Já para o cientista político Simón Pachano, a crise de liderança em uma situação de pandemia tem inquietado a população. "Você vê líderes tomando decisões não apenas equivocadas, como perigosas, como a da prefeita de Guayaquil, Cinthya Viteri", diz.
Para impedir a chegada de um voo vindo da Espanha, na semana passada, Viteri mandou espalhar carros e vans na pista de pouso do aeroporto local, quase provocando um acidente terrível e um imbróglio diplomático.
"A decisão tresloucada da prefeita mostra como falta um diagnóstico claro do que está causando tantos casos de coronavírus no Equador", diz Pachano.
Um dos aspectos apontados por epidemiologistas é o trânsito da grande comunidade equatoriana que vive na Espanha -uma das maiores entre imigrantes latino-americanos no país europeu.
Em época de férias de fim de ano, muitos deles retornam ao Equador, o que pode ter ajudado a trazer o vírus. Embora não haja comprovação de que essa foi uma das razões para o tamanho da pandemia no país, o número de voos vindos da Espanha foi reduzido.
"Outro fator que não pode ser deixado de lado é o fato de que Guayaquil, onde está a maioria dos infectados, é uma cidade que não obedece regras de quarentena por suas particularidades culturais e históricas", explica Pachano.
Essas peculiaridades seriam, por exemplo, o clima.
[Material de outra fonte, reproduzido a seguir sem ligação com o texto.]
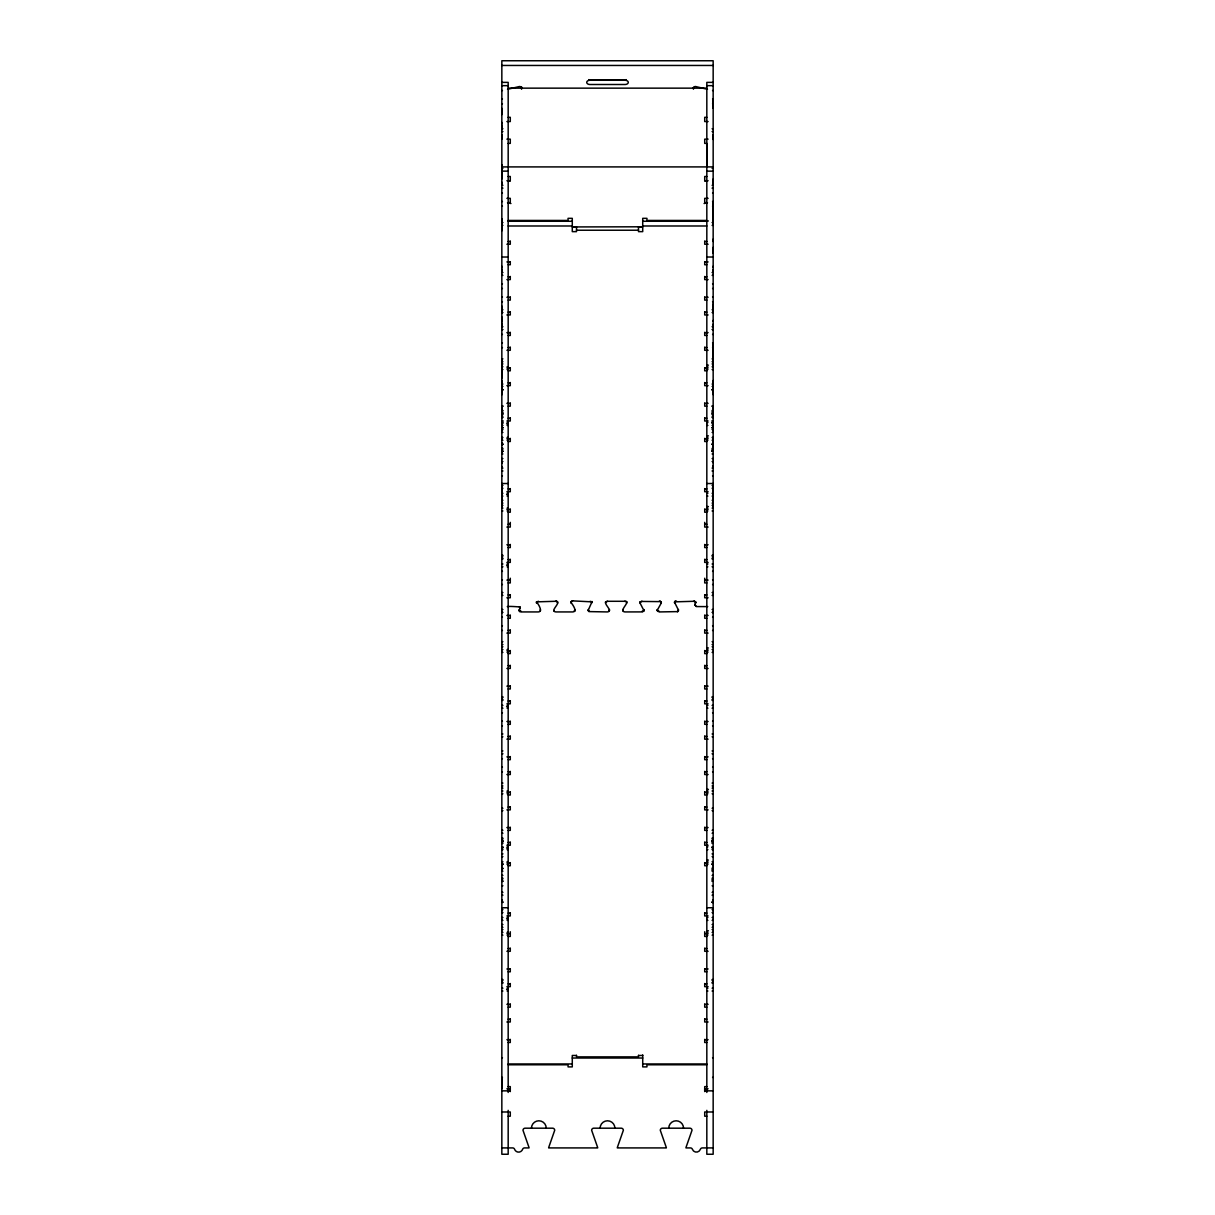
<?xml version="1.0" encoding="UTF-8"?>
<svg xmlns="http://www.w3.org/2000/svg" width="1215" height="1215" viewBox="0 0 1215 1215"><rect width="100%" height="100%" fill="white"/><g stroke="black" fill="none" stroke-linecap="round" stroke-linejoin="round"><path stroke-width="1.5" d="M501.841 390.243L501.841 388.77M501.841 387.889L501.841 380.356M501.841 384.35L501.841 382.664M501.841 362.055L501.841 360.491L501.841 378.169M501.841 321.99L501.841 316.887M501.841 307.851L501.841 306.286L501.841 313.349M501.841 267.786L501.841 266.222M501.841 220.659L501.841 219.08L501.841 230.865M501.841 171.163L501.841 168.019M501.841 166.44L501.841 164.876L501.841 179.015M501.841 124.021L501.841 122.457M501.841 1088.777L501.841 1077.371A2.111 2.111 0 0 1 502.433 1077.447M501.841 506.609L501.841 484.299A2.111 1.412 0 0 1 502.433 484.36M501.841 466.545L501.841 468.109L502.889 468.109M501.841 463.401L501.841 461.837M501.841 447.697L501.841 453.97L502.889 453.97M501.841 409.197L501.841 407.632M501.841 139.148L501.841 134.744M501.841 114.59L501.841 108.317M706.826 166.911L706.826 143.385L704.715 143.385L704.715 139.148L708.087 139.148M713.159 466.545L713.159 465.603M713.159 394.662L713.159 389.362L712.37 389.362M713.159 388.77L713.159 383.469M713.159 382.877L713.159 382.087M713.159 325.134L713.159 324.192M713.159 310.994L713.159 308.656M713.159 303.947L713.159 307.456M713.159 270.93L713.159 269.745M713.159 247.951L713.159 253.252L713.159 247.359M713.159 241.466L713.159 239.112M713.159 222.618L713.159 223.788L713.159 201.477A2.111 1.428 0.1 0 0 712.552 201.523M713.159 183.723L713.159 179.015M713.159 506.609L713.159 484.299A2.111 1.412 0 0 0 712.567 484.36M713.159 440.696L713.159 448.867M713.159 134.744L713.159 139.436M713.159 108.317L713.159 98.977A2.111 1.412 0 0 0 712.567 99.038M501.841 394.829L501.841 386.416L502.889 386.416M501.841 392.521L501.841 390.835M694.737 604.781L696.332 606.574L707.722 606.604M644.041 609.854L642.416 611.904L624.844 611.935C617.903 611.039 631.618 601.319 624.677 601.288L607.591 601.288C600.666 602.169 614.334 611.054 607.409 611.935L588.971 611.601L588.303 610.127L592.085 601.547L592.237 602.458M520.278 608.183C520.749 606.012 517.408 612.785 521.296 611.935L538.382 611.935C544.624 611.601 534.342 598.19 536.529 603.096M570.989 602.458C569.577 600.802 578.947 611.601 572.888 611.935L555.817 611.935C548.891 611.054 562.56 602.169 555.635 601.288L536.863 601.85L538.549 601.288M674.507 602.2L678.471 610.127L677.818 611.601L659.365 611.935L657.254 610.446M592.267 602.2L592.176 602.519M520.278 607.606L520.157 608.518L520.142 606.923M609.49 610.188L609.11 610.781M695.724 603.096L695.785 601.865L694.843 604.706M674.69 602.139L674.933 601.258L674.538 602.458M574.923 610.127L574.832 610.507M609.444 610.127L609.444 609.535M574.923 609.535L574.832 611.084L573.844 611.206M657.345 610.127L661.218 603.096L660.55 601.622L641.156 601.44L640.077 603.096L643.874 610.507M519.276 610.127L519.352 611.084M588.394 610.507L588.303 610.127M657.421 610.507L657.254 609.854M572.584 600.726L571.369 601.85L572.113 600.848L591.857 601.85L590.156 601.288M605.89 601.85L607.591 601.288M641.93 611.358L643.631 611.373M640.411 601.85L642.097 601.288M589.381 611.206L588.394 611.084L588.303 609.535M695.846 605.86L694.722 604.447M556.121 600.726L557.336 601.85M694.19 600.726L695.648 602.139L693.704 601.288L674.933 601.85M519.154 606.771C522.921 607.363 510.042 605.936 507.278 606.604M521.296 611.358L520.339 611.206M624.677 601.288L626.606 601.547M657.664 611.373L659.365 611.358M502.63 841.919L501.841 843.453L502.889 843.453M501.841 841.919L502.63 841.494L501.841 840.461L502.889 840.461M502.889 881.407L501.841 881.407L502.63 881.088L501.841 878.415L502.889 878.202M502.889 410.412L501.841 410.412L502.63 411.931M502.889 868.224L501.841 868.224L502.63 868.543L501.841 871.216L502.889 871.216M502.63 451.069L501.841 451.342L502.889 451.342M712.37 840.75L713.159 840.461L712.111 840.461M502.63 389.726L501.841 390L502.889 390M502.63 427.68L501.841 427.953L502.889 427.953M712.37 444.265L713.159 444.007L712.111 444.007M501.841 847.554L502.889 847.812M713.159 902.198L712.37 902.077L713.159 901.819M502.889 389.833L501.841 389.833L502.63 389.301M502.889 427.786L501.841 427.786L502.63 427.255M502.63 847.417L501.841 847.66L502.889 847.66M713.159 864.017L712.111 863.865M712.37 902.198L713.159 901.97L712.111 901.819M501.841 389.726L502.63 389.514M501.841 427.68L502.63 427.467M507.536 89.302L519.443 86.523A2.111 1.412 0 0 1 521.554 87.936M704.062 203.528L707.464 202.738M502.889 444.007L501.841 444.69L502.889 444.158M501.841 65.458L713.159 65.458M501.841 82.377L508.174 82.377L508.174 1092.467M713.159 82.377L706.826 82.377L706.826 1092.467M501.841 85.657L508.174 85.657M706.826 85.657L713.159 85.657M508.174 88.148L706.826 88.148M508.174 117.308L510.285 117.308L510.285 121.546L506.898 121.546M706.826 117.308L704.715 117.308L704.715 121.546L708.087 121.546M502.889 128.729L501.841 128.729L501.841 125.585M712.111 128.729L713.159 128.729M501.841 131.569L502.889 131.569M712.111 131.569L713.159 131.569M506.898 139.148L510.285 139.148L510.285 143.385L508.174 143.385M501.841 166.911L713.159 166.911M501.841 168.323L502.889 168.323M712.111 168.323L713.159 168.323M501.841 171.133L508.174 171.133M706.826 171.133L713.159 171.163M508.174 176.494L510.285 176.494L510.285 180.716L506.898 180.716M706.826 176.494L704.715 176.494L704.715 180.716L708.087 180.716M508.174 180.898L510.285 180.898M704.715 180.898L706.826 180.898M502.889 185.303L501.841 185.303L501.841 182.159M712.111 185.303L713.159 185.303M501.841 188.128L502.889 188.128M712.111 188.128L713.159 188.128M506.898 198.334L510.285 198.334L510.285 202.556L508.174 202.556M708.087 198.334L704.715 198.334L704.715 202.556L706.826 202.556M508.174 220.447L568.058 220.447L568.058 218.335L572.28 218.335L572.28 231.64L576.502 231.64L576.502 226.932L572.28 226.932L642.72 226.795L638.498 226.932L638.498 231.64L642.72 231.64L642.72 218.335L646.942 218.335L646.942 220.447L706.826 220.447M706.826 220.963L708.406 220.963M508.174 221.267L572.28 221.267M642.72 221.267L706.826 221.267M501.841 222.542L502.889 222.542M712.111 222.542L713.159 222.542M502.889 225.367L501.841 225.367L501.841 222.224M712.111 225.367L713.159 225.367M508.174 225.99L572.28 225.99M642.72 225.99L706.826 225.99M576.502 230.227L638.498 230.227M508.174 241.421L510.285 241.421M704.715 241.421L706.826 241.421M506.898 244.245L510.285 244.245L510.285 241.102M708.087 244.245L704.715 244.245L704.715 241.102M501.841 257.018L508.174 257.018M706.826 257.018L713.159 257.018M506.898 261.924L510.285 261.924M704.715 261.924L708.087 261.924M508.174 264.748L510.285 264.748L510.285 261.62M706.826 264.748L704.715 264.748L704.715 261.62M502.889 272.494L501.841 272.494L501.841 269.366M712.111 272.494L713.159 272.494M501.841 275.334L502.889 275.334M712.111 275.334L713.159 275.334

Se Quito é alta e fria, Guayaquil é costeira e muito quente.
"É difícil que a costa respeite um toque de recolher e a necessidade de ficar isolada em casa. As moradias dos mais pobres são pequenas e ali se acumulam famílias numerosas. Faz muito calor, as pessoas saem. Além disso, há o fator trabalho -as pessoas têm menos empregos formais do que em Quito, e por isso desobedecem a quarentena para trabalhar", diz Pallares.
No Equador, a fatia de informais corresponde a 46% do mercado de trabalho. "Moreno tem falhado nas medidas de proteção a esse setor da população. É preciso distribuir mais bônus e pensões e fazer mais campanhas de conscientização. O modelo de ajuda que a Argentina está implementando, por exemplo, aqui ainda não há", afirma Pachano.
Os números confirmam as disparidades entre as regiões. Enquanto em Quito há apenas 188 infectados, em Guayaquil há 1.200. O restante está na região amazônica, onde o maior problema, por sua vez, é o alcance e a qualidade do sistema de saúde.
"Tudo aponta para que, no dia seguinte a essa pandemia, tenhamos um país com muito mais problemas do que antes. Mais recessão, mais encolhimento do PIB, menos possibilidade de cumprir as metas com o FMI e um provável retorno da tensão social entre indígenas e governo", afirma Pallares.
"Ou seja, teremos uma economia muito complicada e um cenário eleitoral totalmente aberto."